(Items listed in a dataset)

--- START ---

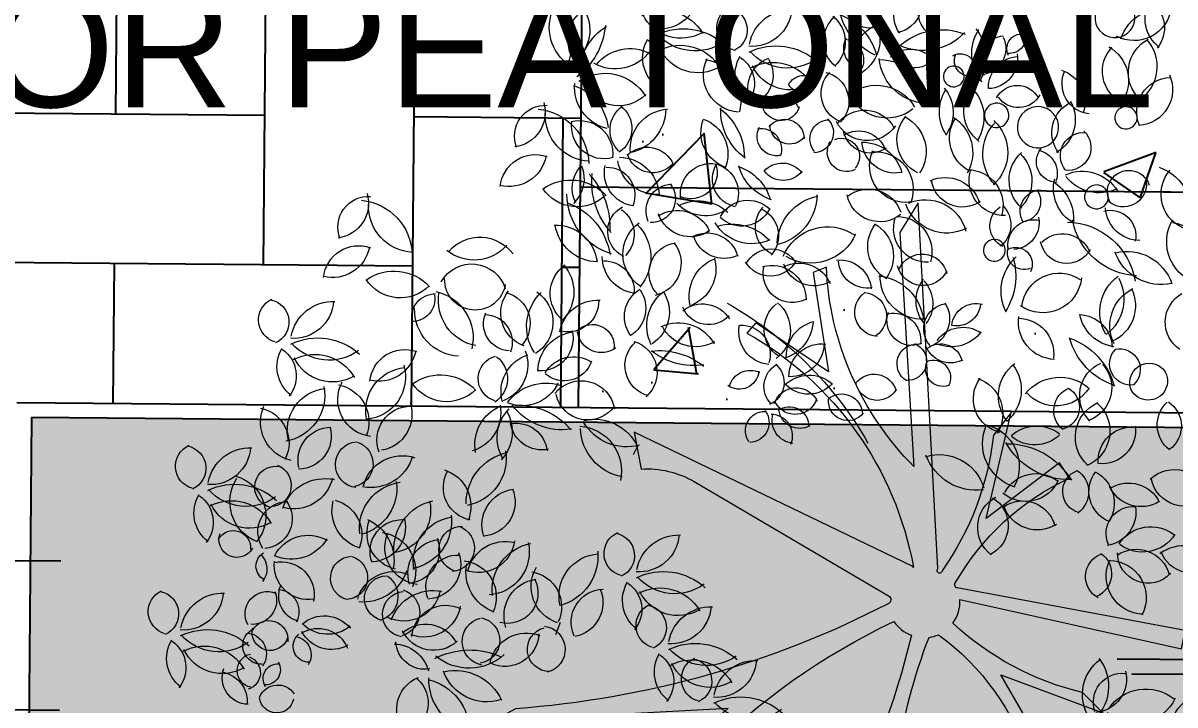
# Model space of a CAD drawing. Header units: millimetres. Extents: x 793 to 3159, y 750 to 2095.
# Drawn here: x 1266.486 to 1270.409, y 983.02 to 985.343 of the extents above; entities that cross this region are included whole.
import ezdxf

# ---------------------------------------------------------------- set-up
doc = ezdxf.new("R2010")
doc.units = ezdxf.units.MM
for name, pattern in [('CENTER', [50.8, 31.75, -6.35, 6.35, -6.35]), ('CONTINUA', [0]), ('XR-CASETA$0$CONTINUA', [0])]:
    doc.linetypes.add(name, pattern=pattern)
for name, color, linetype in [('A-PISOS', 252, 'Continuous'), ('A-PROY', 252, 'Continuous'), ('A-TEXTO', 2, 'Continuous'), ('A-VEGETACION', 65, 'Continuous'), ('XR-CASETA$0$A-PROY', 252, 'Continuous')]:
    doc.layers.add(name, color=color, linetype=linetype)
doc.layers.add('JUNTA DE CONTROL', color=7, linetype='Continuous', true_color=0xf43e0b)
doc.styles.add('kobalt', font='arial.ttf', dxfattribs={"height": 0.15})

# ---------------------------------------------------------------- blocks, each defined once
blk = doc.blocks.new('A$C15914C01')
at = {"layer": 'A-PISOS', "linetype": 'CONTINUA', "ltscale": 0.5}
h = blk.add_hatch(dxfattribs=at)
h.set_pattern_fill('AR-HBONE', color=250, scale=0.005, angle=45)
h.set_pattern_definition([(90, (-2174.8441, -711.9263), (-0.508, 0.508), [1.524, -0.508]), (180, (-2174.8441, -711.4183), (-0.508, 0.508), [1.524, -0.508])])
h.paths.add_polyline_path([(87.0598, -5.2045), (82.8168, -5.2047), (82.8168, -10.6093), (86.8086, -10.6093), (86.8086, -11.0572), (88.8168, -11.0572), (88.8168, -6.7051), (87.0598, -6.7051)])
h.paths.add_polyline_path([(86.8651, -0.8995), (82.8168, -0.8996), (82.8168, -5.2046), (87.0598, -5.2046), (87.0598, -4.9051), (88.8168, -4.9051), (88.8168, -0.9998), (86.865, -0.9996), (86.865, -0.8131), (86.865, -0.8131), (86.8688, 39.985), (86.2687, 39.9851), (86.2687, 40.5851), (85.6687, 40.5852), (85.6688, 41.1852), (85.0688, 41.1852), (85.069, 42.8852), (83.869, 42.8853), (83.8699, 47.1853), (82.8168, 47.1855), (82.8188, 37.3688), (84.6601, 37.3664), (84.6597, 32.5688), (84.9097, 32.5687), (84.9075, 8.8987), (84.6575, 8.8988), (84.6571, 4.0988), (82.8168, 4.0989), (82.8168, 0.9006), (86.8616, 0.9003)])
h = blk.add_hatch(dxfattribs=at)
h.set_pattern_fill('AR-CONC', color=250, scale=0.01)
h.set_pattern_definition([(50, (-2174.8441, -711.9263), (1.8218467, -0.1593909), [0.1905, -2.0955]), (355, (-2174.8441, -711.9263), (-0.3524342, 1.9105685), [0.1524, -1.6764058]), (100.451445, (-2174.6923, -711.9396), (1.4694125, 1.7511775), [0.1619001, -1.7809024]), (46.1842, (-2174.844, -711.4183), (2.7107904, -0.4204233), [0.28575, -3.14325]), (96.63556, (-2174.6182, -711.4533), (2.3740413, 2.4742612), [0.2428502, -2.671356]), (351.18415, (-2174.844, -711.4183), (2.3740413, 2.4742612), [0.2285997, -2.5145973]), (21, (-2174.5901, -711.5453), (1.5161439, -1.022652), [0.1905, -2.0955]), (326, (-2174.5901, -711.5453), (0.6180203, 1.8418797), [0.1524, -1.6764]), (71.451445, (-2174.4638, -711.6305), (2.1341642, 0.8192277), [0.1619001, -1.7808994]), (37.5, (-2174.8441, -711.9263), (0.03088603, 0.84555039), [0, -1.65608, 0, -1.7018, 0, -1.68275]), (7.5, (-2174.8441, -711.9263), (0.66819663, 1.00180575), [0, -0.97028, 0, -1.61798, 0, -0.64135]), (327.5, (-2175.4105, -711.9263), (1.35590595, -0.05728744), [0, -0.635, 0, -1.9812, 0, -2.6289]), (317.5, (-2175.6645, -711.9263), (1.4812918, 0.2542649), [0, -0.8255, 0, -1.31572, 0, -1.8669])])
h.paths.add_polyline_path([(88.8168, -11.0573), (90.1586, -11.0573), (90.1586, -10.7094), (91.3586, -10.7094), (91.3586, -11.0574), (93.5586, -11.0574), (93.5586, -10.7095), (94.7586, -10.7095), (94.7586, -11.0575), (96.9586, -11.0575), (96.9586, -10.7096), (97.8168, -10.7096), (97.8168, -6.7051), (88.8168, -6.7051)])
h.paths.add_polyline_path([(97.8168, -1.0007), (88.8168, -0.9998), (88.8168, -4.9051), (97.8168, -4.9051)])
at = {"layer": 'A-PISOS', "color": 250, "linetype": 'CONTINUA', "ltscale": 0.5}
for p, q in [((88.8168, -0.9999), (88.8168, -4.9051)), ((88.8168, -4.153), (97.8168, -4.153))]:
    blk.add_line(p, q, dxfattribs=at)
blk = doc.blocks.new('XR-CONJUNTO$0$A$C458D45B7')
at = {"lineweight": 0, "extrusion": (-2.43104e-07, -5.45806e-06, 1)}
for p, q in [((-0.995, 0.4864), (-0.9832, 0.5121)), ((-1.2482, -0.1317), (-1.2336, -0.0892))]:
    blk.add_line(p, q, dxfattribs=at)
blk.add_lwpolyline([(0.1057, -1.746), (0.1681, -1.7494, -0.110183), (-0.0866, -0.95, -0.110183), (0.0225, -0.1181, 0.069274), (0.0548, -0.1083, -0.159056), (0.3751, -0.5382), (0.4313, -0.5098), (0.2694, -0.2414), (0.6188, -0.3643), (0.5483, -0.2962, -0.129481), (0.1024, -0.068, 0.184379), (0.1254, 0.0127), (0.8832, -0.1415), (0.8943, -0.0784), (0.1156, 0.0518, -0.487233), (0.1075, 0.0667, -0.157099), (0.4909, 0.4325), (0.4557, 0.4846), (0.2096, 0.2904), (0.2879, 0.6525), (0.2292, 0.5741, -0.1274), (0.063, 0.1098, -1.508538), (0.0487, 0.1166), (-0.0409, 1.3604), (-0.1014, 1.2588), (-0.0393, 0.4627, -0.187108), (-0.3498, 1.1361), (-0.3949, 1.1174), (-0.3356, 0.7801), (-0.586, 0.9428), (-0.6161, 0.9071, -0.222061), (-0.0345, 0.1193), (-0.0367, 0.1218), (-0.9935, 0.563), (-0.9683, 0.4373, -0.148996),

--- END ---

[Exercise prompt] Each line above with the word "CONTINUA" must be returned.

[Response box]
for name, pattern in [('CENTER', [50.8, 31.75, -6.35, 6.35, -6.35]), ('CONTINUA', [0]), ('XR-CASETA$0$CONTINUA', [0])]:
at = {"layer": 'A-PISOS', "linetype": 'CONTINUA', "ltscale": 0.5}
at = {"layer": 'A-PISOS', "color": 250, "linetype": 'CONTINUA', "ltscale": 0.5}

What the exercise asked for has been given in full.